Beyond the ATS: Automating Job Fit Assessment with LLMs and Structured Outputs

A technical deep dive into extracting perfectly typed JSON data from unstructured HR text using OpenAI Structured Outputs, Zod, and Astro to flip the script on recruitment.

Beyond the ATS: Automating Job Fit Assessment with LLMs and Structured Outputs

Learning Note

This article documents my personal learning journey as a passionate autodidact. I am not a professional software developer or data scientist.
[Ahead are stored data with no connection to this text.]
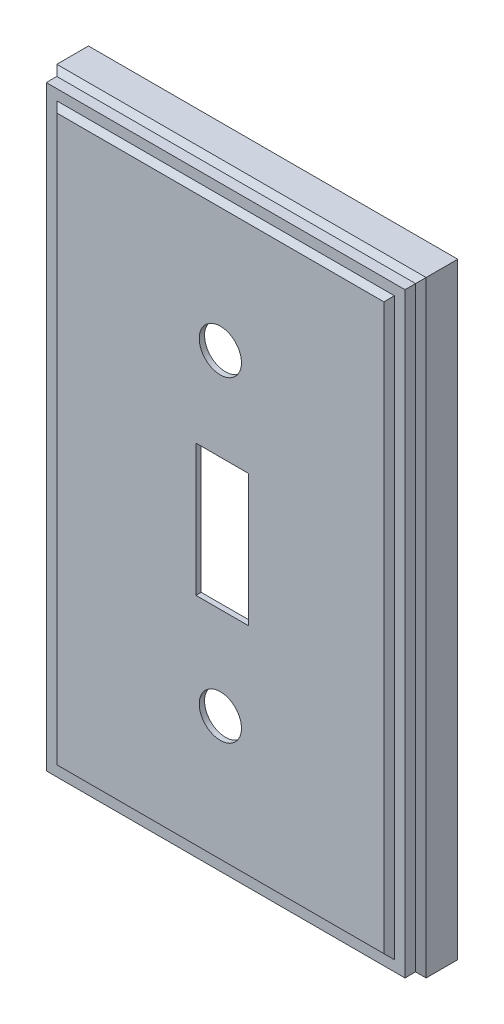
ISO-10303-21;
HEADER;
FILE_DESCRIPTION(('STEP AP214'),'2;1');
FILE_NAME('part.step','',(''),(''),'','','');
FILE_SCHEMA(('AUTOMOTIVE_DESIGN { 1 0 10303 214 1 1 1 1 }'));
ENDSEC;
DATA;
#1=APPLICATION_CONTEXT('core data for automotive mechanical design processes');
#2=APPLICATION_PROTOCOL_DEFINITION('international standard','automotive_design',2000,#1);
#3=PRODUCT_CONTEXT('',#1,'mechanical');
#4=PRODUCT('Part','Part','',(#3));
#5=PRODUCT_RELATED_PRODUCT_CATEGORY('part','',(#4));
#6=PRODUCT_DEFINITION_FORMATION('','',#4);
#7=PRODUCT_DEFINITION_CONTEXT('part definition',#1,'design');
#8=PRODUCT_DEFINITION('design','',#6,#7);
#9=PRODUCT_DEFINITION_SHAPE('','',#8);
#10=(LENGTH_UNIT() NAMED_UNIT(*) SI_UNIT(.MILLI.,.METRE.));
#11=(NAMED_UNIT(*) PLANE_ANGLE_UNIT() SI_UNIT($,.RADIAN.));
#12=(NAMED_UNIT(*) SI_UNIT($,.STERADIAN.) SOLID_ANGLE_UNIT());
#13=UNCERTAINTY_MEASURE_WITH_UNIT(LENGTH_MEASURE(1.E-05),#10,'distance_accuracy_value','');
#14=(GEOMETRIC_REPRESENTATION_CONTEXT(3) GLOBAL_UNCERTAINTY_ASSIGNED_CONTEXT((#13)) GLOBAL_UNIT_ASSIGNED_CONTEXT((#10,
#11,#12)) REPRESENTATION_CONTEXT('',''));
#15=CARTESIAN_POINT('',(0.,0.,0.));
#16=DIRECTION('',(0.,0.,1.));
#17=DIRECTION('',(1.,0.,0.));
#18=AXIS2_PLACEMENT_3D('',#15,#16,#17);
#19=CARTESIAN_POINT('',(0.,0.,10.));
#20=DIRECTION('',(1.,0.,0.));
#21=DIRECTION('',(0.,1.,0.));
#22=AXIS2_PLACEMENT_3D('',#19,#20,#21);
#23=PLANE('',#22);
#24=DIRECTION('',(0.,0.,-1.));
#25=VECTOR('',#24,1.);
#26=CARTESIAN_POINT('',(0.,-115.,10.));
#27=LINE('',#26,#25);
#28=CARTESIAN_POINT('',(0.,-115.,6.00000000000001));
#29=VERTEX_POINT('',#28);
#30=CARTESIAN_POINT('',(0.,-115.,0.));
#31=VERTEX_POINT('',#30);
#32=EDGE_CURVE('E225',#29,#31,#27,.T.);
#33=ORIENTED_EDGE('',*,*,#32,.F.);
#34=DIRECTION('',(0.,1.,0.));
#35=VECTOR('',#34,1.);
#36=CARTESIAN_POINT('',(0.,0.,6.00000000000001));
#37=LINE('',#36,#35);
#38=CARTESIAN_POINT('',(0.,0.,6.00000000000001));
#39=VERTEX_POINT('',#38);
#40=EDGE_CURVE('E57',#29,#39,#37,.T.);
#41=ORIENTED_EDGE('',*,*,#40,.T.);
#42=DIRECTION('',(0.,0.,-1.));
#43=VECTOR('',#42,1.);
#44=CARTESIAN_POINT('',(0.,0.,10.));
#45=LINE('',#44,#43);
#46=CARTESIAN_POINT('',(0.,0.,0.));
#47=VERTEX_POINT('',#46);
#48=EDGE_CURVE('E219',#39,#47,#45,.T.);
#49=ORIENTED_EDGE('',*,*,#48,.T.);
#50=DIRECTION('',(0.,-1.,0.));
#51=VECTOR('',#50,1.);
#52=CARTESIAN_POINT('',(0.,0.,0.));
#53=LINE('',#52,#51);
#54=EDGE_CURVE('E179',#47,#31,#53,.T.);
#55=ORIENTED_EDGE('',*,*,#54,.T.);
#56=EDGE_LOOP('',(#33,#41,#49,#55));
#57=FACE_BOUND('',#56,.T.);
#58=ADVANCED_FACE('F33',(#57),#23,.F.);
#59=CARTESIAN_POINT('',(0.,-115.,10.));
#60=DIRECTION('',(0.,1.,0.));
#61=DIRECTION('',(0.,0.,1.));
#62=AXIS2_PLACEMENT_3D('',#59,#60,#61);
#63=PLANE('',#62);
#64=DIRECTION('',(0.,0.,-1.));
#65=VECTOR('',#64,1.);
#66=CARTESIAN_POINT('',(70.,-115.,10.));
#67=LINE('',#66,#65);
#68=CARTESIAN_POINT('',(70.,-115.,6.00000000000001));
#69=VERTEX_POINT('',#68);
#70=CARTESIAN_POINT('',(70.,-115.,0.));
#71=VERTEX_POINT('',#70);
#72=EDGE_CURVE('E223',#69,#71,#67,.T.);
#73=ORIENTED_EDGE('',*,*,#72,.F.);
#74=DIRECTION('',(-1.,0.,0.));
#75=VECTOR('',#74,1.);
#76=CARTESIAN_POINT('',(0.,-115.,6.00000000000001));
#77=LINE('',#76,#75);
#78=EDGE_CURVE('E249',#69,#29,#77,.T.);
#79=ORIENTED_EDGE('',*,*,#78,.T.);
#80=ORIENTED_EDGE('',*,*,#32,.T.);
#81=DIRECTION('',(1.,0.,0.));
#82=VECTOR('',#81,1.);
#83=CARTESIAN_POINT('',(0.,-115.,0.));
#84=LINE('',#83,#82);
#85=EDGE_CURVE('E210',#31,#71,#84,.T.);
#86=ORIENTED_EDGE('',*,*,#85,.T.);
#87=EDGE_LOOP('',(#73,#79,#80,#86));
#88=FACE_BOUND('',#87,.T.);
#89=ADVANCED_FACE('F291',(#88),#63,.F.);
#90=CARTESIAN_POINT('',(70.,0.,10.));
#91=DIRECTION('',(-1.,0.,0.));
#92=DIRECTION('',(0.,-1.,0.));
#93=AXIS2_PLACEMENT_3D('',#90,#91,#92);
#94=PLANE('',#93);
#95=DIRECTION('',(0.,0.,-1.));
#96=VECTOR('',#95,1.);
#97=CARTESIAN_POINT('',(70.,0.,10.));
#98=LINE('',#97,#96);
#99=CARTESIAN_POINT('',(70.,0.,6.00000000000001));
#100=VERTEX_POINT('',#99);
#101=CARTESIAN_POINT('',(70.,0.,0.));
#102=VERTEX_POINT('',#101);
#103=EDGE_CURVE('E221',#100,#102,#98,.T.);
#104=ORIENTED_EDGE('',*,*,#103,.F.);
#105=DIRECTION('',(0.,-1.,0.));
#106=VECTOR('',#105,1.);
#107=CARTESIAN_POINT('',(70.,-115.,6.00000000000001));
#108=LINE('',#107,#106);
#109=EDGE_CURVE('E11',#100,#69,#108,.T.);
#110=ORIENTED_EDGE('',*,*,#109,.T.);
#111=ORIENTED_EDGE('',*,*,#72,.T.);
#112=DIRECTION('',(0.,1.,0.));
#113=VECTOR('',#112,1.);
#114=CARTESIAN_POINT('',(70.,0.,0.));
#115=LINE('',#114,#113);
#116=EDGE_CURVE('E213',#71,#102,#115,.T.);
#117=ORIENTED_EDGE('',*,*,#116,.T.);
#118=EDGE_LOOP('',(#104,#110,#111,#117));
#119=FACE_BOUND('',#118,.T.);
#120=ADVANCED_FACE('F287',(#119),#94,.F.);
#121=CARTESIAN_POINT('',(0.,0.,10.));
#122=DIRECTION('',(0.,-1.,0.));
#123=DIRECTION('',(0.,0.,-1.));
#124=AXIS2_PLACEMENT_3D('',#121,#122,#123);
#125=PLANE('',#124);
#126=ORIENTED_EDGE('',*,*,#48,.F.);
#127=DIRECTION('',(1.,0.,0.));
#128=VECTOR('',#127,1.);
#129=CARTESIAN_POINT('',(70.,0.,6.00000000000001));
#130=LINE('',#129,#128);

This content represents beginner/intermediate explorations, not professional advice.

Profession: Financial Accountant | Hobby: Technology Exploration through Online Courses & Hobby Projects

In this Article

Executive Summary

  • Context: Job fit assessment relies on comparing unstructured HR text (job descriptions) against candidate profiles—a process prone to hallucinations and inconsistent LLM outputs
  • Action: OpenAI’s Structured Outputs API with JSON Schema + Zod validation enforces schema adherence at the inference layer, eliminating post-processing retries
  • Result: 100% reliability in schema matching (vs. <40% with prompt-based JSON mode), eliminating validation failures and enabling predictable frontend integration

The Challenge: Unstructured HR Text Meets Type-Safe Frontends

Job descriptions arrive as unstructured prose: “3+ years React experience”, “strong communication skills”, “familiarity with cloud platforms”. Extracting discrete, machine-readable attributes—required_skills: string[], experience_years: number, seniority: enum—from this freeform text requires LLMs.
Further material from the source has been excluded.